§ **Provided records**
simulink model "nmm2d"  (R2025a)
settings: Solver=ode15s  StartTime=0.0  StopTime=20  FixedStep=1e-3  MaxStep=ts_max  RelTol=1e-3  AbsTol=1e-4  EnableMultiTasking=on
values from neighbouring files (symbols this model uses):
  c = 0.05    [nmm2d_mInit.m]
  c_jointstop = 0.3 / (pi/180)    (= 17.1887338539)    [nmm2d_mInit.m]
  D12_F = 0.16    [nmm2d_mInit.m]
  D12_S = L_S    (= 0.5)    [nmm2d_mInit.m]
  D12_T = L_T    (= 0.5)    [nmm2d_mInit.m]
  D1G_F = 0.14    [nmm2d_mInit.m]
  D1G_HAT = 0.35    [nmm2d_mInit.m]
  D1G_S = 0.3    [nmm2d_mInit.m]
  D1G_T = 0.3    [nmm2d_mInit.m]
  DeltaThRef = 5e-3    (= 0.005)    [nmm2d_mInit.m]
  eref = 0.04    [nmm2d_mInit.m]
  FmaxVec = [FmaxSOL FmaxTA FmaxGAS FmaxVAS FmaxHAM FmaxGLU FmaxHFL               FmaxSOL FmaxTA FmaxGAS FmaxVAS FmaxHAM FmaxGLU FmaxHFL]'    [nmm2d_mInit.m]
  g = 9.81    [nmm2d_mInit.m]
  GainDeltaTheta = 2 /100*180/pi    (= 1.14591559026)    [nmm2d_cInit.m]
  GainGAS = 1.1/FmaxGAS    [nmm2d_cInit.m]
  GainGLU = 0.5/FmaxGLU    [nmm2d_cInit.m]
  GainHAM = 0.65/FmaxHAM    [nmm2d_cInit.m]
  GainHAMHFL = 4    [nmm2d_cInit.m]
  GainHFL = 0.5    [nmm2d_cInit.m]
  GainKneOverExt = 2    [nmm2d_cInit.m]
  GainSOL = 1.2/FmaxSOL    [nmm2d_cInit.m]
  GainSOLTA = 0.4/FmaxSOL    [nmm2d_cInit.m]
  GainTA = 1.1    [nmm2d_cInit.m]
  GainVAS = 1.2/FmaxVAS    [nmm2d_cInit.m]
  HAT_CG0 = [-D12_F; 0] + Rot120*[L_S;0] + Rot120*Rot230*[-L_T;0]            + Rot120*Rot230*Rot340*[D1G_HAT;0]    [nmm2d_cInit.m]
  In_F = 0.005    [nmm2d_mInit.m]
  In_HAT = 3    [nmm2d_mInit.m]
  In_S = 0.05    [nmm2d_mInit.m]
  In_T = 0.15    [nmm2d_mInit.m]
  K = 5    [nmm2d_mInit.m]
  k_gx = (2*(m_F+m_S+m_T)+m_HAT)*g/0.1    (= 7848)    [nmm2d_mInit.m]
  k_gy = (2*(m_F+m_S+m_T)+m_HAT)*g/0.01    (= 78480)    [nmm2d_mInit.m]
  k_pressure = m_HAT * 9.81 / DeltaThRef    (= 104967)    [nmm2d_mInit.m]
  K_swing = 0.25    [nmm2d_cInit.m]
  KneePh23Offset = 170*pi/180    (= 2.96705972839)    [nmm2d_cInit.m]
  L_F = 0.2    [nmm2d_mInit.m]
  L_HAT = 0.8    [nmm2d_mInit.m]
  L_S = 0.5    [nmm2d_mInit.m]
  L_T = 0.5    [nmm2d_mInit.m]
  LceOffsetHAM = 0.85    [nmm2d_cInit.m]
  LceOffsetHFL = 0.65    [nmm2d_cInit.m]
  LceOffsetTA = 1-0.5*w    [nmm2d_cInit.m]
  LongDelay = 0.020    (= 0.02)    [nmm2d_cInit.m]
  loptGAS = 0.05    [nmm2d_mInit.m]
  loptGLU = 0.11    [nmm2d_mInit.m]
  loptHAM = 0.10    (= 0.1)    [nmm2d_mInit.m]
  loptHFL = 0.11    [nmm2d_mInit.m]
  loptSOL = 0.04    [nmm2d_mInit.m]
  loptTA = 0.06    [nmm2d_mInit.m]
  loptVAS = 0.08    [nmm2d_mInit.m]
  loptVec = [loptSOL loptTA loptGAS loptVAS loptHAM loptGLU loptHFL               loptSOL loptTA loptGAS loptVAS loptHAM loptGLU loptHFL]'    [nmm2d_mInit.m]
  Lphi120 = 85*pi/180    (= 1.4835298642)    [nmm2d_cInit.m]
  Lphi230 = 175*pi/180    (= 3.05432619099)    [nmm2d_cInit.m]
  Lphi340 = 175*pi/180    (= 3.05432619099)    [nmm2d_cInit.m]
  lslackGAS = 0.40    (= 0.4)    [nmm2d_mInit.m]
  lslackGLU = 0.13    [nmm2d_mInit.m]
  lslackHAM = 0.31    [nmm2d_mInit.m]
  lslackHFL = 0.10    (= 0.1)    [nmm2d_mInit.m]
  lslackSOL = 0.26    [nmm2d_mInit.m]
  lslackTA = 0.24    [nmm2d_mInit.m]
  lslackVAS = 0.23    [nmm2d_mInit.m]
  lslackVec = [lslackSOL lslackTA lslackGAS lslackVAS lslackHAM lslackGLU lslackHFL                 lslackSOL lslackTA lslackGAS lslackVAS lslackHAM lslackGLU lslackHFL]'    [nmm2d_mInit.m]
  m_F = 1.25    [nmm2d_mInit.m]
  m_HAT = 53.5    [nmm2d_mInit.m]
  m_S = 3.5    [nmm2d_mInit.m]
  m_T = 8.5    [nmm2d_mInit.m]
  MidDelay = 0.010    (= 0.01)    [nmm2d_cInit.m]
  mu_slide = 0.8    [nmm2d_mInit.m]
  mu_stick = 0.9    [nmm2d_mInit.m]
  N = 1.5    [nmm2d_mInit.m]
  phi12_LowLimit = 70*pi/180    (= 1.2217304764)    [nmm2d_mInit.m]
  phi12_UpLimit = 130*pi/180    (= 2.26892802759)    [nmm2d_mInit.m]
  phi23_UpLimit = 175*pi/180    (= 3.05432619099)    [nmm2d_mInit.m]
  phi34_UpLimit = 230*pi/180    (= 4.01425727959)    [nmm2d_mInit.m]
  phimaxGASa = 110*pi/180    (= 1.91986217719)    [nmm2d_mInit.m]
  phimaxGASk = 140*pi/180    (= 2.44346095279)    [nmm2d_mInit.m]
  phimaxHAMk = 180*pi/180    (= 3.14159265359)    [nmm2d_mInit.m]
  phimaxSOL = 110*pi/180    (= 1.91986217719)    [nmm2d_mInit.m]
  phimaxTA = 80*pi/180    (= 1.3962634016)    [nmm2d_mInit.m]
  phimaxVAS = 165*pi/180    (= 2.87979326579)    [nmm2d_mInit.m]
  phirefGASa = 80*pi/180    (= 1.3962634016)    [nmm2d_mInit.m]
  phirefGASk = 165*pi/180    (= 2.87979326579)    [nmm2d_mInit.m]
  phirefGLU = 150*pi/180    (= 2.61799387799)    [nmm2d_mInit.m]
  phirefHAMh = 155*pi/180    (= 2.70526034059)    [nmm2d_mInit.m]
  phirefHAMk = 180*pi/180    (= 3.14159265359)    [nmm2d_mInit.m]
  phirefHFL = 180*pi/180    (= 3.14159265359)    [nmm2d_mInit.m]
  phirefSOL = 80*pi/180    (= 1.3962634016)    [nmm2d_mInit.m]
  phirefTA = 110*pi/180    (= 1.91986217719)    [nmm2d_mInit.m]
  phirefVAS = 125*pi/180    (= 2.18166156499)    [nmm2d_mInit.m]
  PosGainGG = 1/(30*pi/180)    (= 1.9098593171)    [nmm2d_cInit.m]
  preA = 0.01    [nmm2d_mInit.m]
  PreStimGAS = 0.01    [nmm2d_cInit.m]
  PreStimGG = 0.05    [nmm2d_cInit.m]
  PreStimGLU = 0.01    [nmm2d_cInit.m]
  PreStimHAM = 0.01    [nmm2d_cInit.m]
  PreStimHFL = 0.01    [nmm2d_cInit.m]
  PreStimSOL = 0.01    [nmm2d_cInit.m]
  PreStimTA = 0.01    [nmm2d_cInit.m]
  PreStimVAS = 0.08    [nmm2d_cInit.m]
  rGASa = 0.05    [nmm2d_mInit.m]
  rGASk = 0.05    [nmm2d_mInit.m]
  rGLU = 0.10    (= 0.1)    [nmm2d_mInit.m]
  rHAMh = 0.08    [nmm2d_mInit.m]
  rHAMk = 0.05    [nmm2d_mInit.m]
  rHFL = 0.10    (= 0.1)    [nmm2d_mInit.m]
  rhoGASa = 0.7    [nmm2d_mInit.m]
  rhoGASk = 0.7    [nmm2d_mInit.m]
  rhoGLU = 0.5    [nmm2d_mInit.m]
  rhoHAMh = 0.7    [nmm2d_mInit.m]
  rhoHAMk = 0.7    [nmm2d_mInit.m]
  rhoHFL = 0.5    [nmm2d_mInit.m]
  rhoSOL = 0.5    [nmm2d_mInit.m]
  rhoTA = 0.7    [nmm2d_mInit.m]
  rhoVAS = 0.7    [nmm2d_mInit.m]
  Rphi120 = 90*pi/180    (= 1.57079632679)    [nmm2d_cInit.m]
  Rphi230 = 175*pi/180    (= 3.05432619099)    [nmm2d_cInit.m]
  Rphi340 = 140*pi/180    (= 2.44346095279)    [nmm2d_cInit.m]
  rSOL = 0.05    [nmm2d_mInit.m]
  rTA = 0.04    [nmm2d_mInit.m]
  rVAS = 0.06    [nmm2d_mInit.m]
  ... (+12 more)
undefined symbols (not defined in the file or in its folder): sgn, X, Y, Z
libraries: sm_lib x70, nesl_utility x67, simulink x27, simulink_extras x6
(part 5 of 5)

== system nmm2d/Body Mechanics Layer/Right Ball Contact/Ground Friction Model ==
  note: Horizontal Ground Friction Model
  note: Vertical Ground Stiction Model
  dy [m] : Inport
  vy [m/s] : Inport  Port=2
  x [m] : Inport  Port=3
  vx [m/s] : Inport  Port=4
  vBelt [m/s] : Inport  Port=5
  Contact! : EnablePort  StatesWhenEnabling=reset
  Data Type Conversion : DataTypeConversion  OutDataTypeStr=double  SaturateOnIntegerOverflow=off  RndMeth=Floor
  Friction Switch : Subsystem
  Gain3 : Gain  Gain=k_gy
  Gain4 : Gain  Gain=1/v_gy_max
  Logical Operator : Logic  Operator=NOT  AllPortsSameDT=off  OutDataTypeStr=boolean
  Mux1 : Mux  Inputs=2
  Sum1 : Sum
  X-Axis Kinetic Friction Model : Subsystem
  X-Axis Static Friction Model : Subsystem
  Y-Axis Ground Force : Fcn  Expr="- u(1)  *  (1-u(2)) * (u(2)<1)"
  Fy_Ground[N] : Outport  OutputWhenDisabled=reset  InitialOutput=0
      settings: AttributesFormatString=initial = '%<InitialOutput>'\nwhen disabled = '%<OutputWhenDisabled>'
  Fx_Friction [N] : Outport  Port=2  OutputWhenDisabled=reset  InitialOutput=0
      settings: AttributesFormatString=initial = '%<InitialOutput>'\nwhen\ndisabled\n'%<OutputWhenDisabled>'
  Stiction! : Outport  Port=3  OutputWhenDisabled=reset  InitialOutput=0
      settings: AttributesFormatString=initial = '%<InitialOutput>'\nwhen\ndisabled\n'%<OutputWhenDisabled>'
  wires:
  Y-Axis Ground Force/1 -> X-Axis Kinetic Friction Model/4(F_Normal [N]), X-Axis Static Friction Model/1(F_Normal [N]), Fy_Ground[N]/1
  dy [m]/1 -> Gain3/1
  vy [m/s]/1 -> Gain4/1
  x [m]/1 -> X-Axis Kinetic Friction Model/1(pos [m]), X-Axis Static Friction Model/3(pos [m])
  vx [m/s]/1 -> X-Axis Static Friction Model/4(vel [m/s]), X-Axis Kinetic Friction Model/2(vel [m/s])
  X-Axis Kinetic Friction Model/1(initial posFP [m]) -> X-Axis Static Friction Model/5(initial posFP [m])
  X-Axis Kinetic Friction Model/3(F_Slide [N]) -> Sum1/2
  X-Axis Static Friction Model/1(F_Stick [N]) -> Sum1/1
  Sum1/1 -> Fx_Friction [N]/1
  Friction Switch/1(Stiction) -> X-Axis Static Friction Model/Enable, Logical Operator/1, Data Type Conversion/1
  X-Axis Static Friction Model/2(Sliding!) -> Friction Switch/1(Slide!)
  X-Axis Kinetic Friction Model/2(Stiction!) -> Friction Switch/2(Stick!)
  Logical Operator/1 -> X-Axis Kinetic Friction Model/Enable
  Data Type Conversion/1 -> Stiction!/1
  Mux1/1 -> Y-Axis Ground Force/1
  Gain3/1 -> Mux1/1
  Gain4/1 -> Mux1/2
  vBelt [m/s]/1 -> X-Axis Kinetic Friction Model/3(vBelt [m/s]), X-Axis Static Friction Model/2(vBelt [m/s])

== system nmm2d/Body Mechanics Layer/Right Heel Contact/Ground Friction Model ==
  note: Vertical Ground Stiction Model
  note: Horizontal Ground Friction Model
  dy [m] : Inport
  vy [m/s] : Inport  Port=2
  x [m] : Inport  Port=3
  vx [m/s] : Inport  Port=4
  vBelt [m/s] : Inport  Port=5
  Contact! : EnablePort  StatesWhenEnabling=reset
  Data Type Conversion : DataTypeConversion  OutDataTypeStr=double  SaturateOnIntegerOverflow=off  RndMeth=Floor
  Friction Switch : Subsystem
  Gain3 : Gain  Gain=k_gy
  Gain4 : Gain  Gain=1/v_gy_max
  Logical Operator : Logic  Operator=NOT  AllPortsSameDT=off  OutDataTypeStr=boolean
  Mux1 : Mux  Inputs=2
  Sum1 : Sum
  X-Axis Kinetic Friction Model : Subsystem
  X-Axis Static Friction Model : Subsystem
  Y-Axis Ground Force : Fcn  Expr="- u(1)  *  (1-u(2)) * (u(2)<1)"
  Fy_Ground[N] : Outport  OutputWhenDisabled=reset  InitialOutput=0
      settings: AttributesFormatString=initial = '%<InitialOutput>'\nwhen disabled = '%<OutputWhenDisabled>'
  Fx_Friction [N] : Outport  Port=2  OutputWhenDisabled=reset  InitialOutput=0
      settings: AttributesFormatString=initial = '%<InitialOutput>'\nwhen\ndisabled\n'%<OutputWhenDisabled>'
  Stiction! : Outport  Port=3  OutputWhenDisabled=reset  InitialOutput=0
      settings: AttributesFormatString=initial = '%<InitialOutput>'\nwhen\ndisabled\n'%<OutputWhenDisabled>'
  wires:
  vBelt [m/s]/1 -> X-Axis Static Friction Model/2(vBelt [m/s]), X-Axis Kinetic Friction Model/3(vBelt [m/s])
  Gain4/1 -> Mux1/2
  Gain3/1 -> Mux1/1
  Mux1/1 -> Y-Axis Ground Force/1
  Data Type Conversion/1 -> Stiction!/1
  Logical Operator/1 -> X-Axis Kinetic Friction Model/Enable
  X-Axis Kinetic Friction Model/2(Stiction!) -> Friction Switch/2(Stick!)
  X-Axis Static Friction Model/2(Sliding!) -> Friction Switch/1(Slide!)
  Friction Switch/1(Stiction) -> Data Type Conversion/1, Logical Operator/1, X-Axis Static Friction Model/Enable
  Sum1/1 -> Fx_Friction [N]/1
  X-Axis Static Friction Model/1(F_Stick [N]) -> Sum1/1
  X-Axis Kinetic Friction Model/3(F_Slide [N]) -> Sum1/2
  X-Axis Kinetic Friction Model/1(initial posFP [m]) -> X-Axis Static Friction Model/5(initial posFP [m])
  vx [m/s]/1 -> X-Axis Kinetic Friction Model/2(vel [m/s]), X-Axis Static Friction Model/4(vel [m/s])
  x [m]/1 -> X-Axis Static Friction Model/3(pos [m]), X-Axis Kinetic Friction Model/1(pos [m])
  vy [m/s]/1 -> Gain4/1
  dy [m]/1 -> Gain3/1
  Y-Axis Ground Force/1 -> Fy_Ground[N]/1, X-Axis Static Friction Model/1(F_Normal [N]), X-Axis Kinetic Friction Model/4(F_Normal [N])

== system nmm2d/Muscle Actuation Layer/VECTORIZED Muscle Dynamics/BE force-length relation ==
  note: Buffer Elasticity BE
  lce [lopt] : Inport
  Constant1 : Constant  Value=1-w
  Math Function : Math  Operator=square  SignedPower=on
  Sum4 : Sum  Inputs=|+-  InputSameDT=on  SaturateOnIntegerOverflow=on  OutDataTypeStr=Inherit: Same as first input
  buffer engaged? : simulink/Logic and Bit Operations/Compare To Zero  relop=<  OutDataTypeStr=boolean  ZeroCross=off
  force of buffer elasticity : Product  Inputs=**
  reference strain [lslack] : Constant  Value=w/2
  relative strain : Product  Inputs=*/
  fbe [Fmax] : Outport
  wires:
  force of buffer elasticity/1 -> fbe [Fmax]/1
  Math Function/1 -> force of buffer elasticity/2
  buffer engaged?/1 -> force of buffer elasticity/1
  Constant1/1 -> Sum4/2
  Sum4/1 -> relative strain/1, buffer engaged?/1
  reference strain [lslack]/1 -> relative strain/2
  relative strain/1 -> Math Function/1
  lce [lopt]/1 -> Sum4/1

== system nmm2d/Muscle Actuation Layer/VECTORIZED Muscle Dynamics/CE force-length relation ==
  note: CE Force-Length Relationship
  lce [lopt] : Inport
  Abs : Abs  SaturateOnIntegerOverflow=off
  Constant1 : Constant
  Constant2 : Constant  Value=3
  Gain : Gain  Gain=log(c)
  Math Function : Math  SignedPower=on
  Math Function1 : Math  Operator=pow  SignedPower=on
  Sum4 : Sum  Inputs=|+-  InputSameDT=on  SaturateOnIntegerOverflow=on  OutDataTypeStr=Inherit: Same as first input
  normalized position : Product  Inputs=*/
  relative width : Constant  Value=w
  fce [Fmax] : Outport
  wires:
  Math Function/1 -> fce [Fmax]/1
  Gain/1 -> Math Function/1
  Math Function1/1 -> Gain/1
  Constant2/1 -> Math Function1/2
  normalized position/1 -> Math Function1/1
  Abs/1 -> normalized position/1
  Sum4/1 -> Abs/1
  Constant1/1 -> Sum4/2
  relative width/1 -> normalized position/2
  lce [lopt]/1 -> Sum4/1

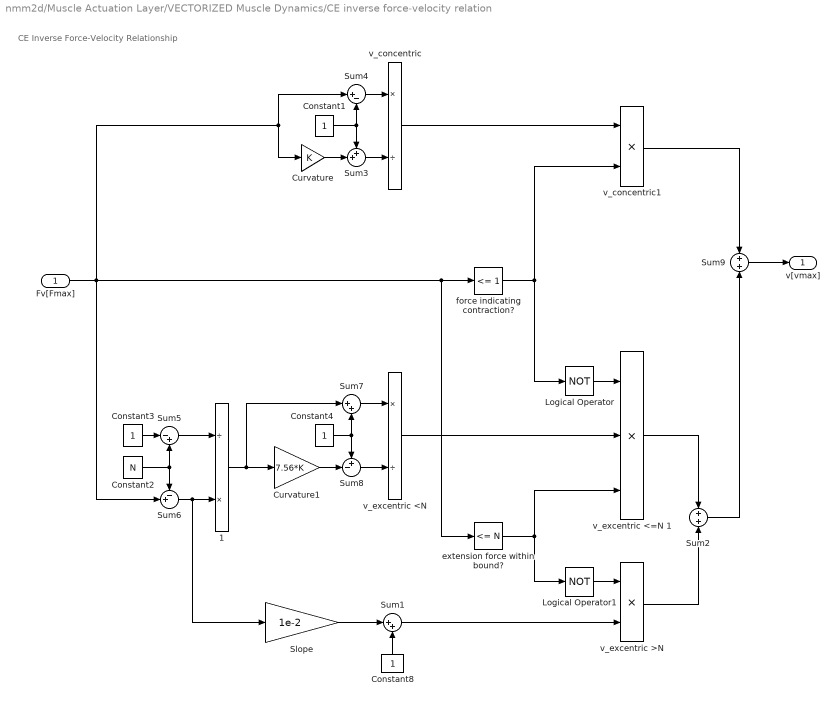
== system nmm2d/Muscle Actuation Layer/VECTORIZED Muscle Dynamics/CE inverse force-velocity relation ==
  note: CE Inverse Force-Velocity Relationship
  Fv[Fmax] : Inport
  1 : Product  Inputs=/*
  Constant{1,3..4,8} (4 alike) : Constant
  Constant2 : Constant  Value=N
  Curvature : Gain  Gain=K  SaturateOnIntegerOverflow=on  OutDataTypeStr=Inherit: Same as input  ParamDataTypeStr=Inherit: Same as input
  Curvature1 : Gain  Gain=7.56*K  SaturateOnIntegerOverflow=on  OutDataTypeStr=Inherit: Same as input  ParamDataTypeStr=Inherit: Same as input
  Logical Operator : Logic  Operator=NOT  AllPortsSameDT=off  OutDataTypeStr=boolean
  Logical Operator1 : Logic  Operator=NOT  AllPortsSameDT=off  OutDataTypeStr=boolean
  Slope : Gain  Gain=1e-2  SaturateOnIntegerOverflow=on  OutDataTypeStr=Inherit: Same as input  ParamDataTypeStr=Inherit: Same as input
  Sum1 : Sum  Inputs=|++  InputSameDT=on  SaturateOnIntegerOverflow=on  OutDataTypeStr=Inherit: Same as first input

§ **Directions**
Please find, in the entries above, every line where "VECTORIZED" occurs, and copy it.

§ **Finished task**
== system nmm2d/Muscle Actuation Layer/VECTORIZED Muscle Dynamics/BE force-length relation ==
== system nmm2d/Muscle Actuation Layer/VECTORIZED Muscle Dynamics/CE force-length relation ==
== system nmm2d/Muscle Actuation Layer/VECTORIZED Muscle Dynamics/CE inverse force-velocity relation ==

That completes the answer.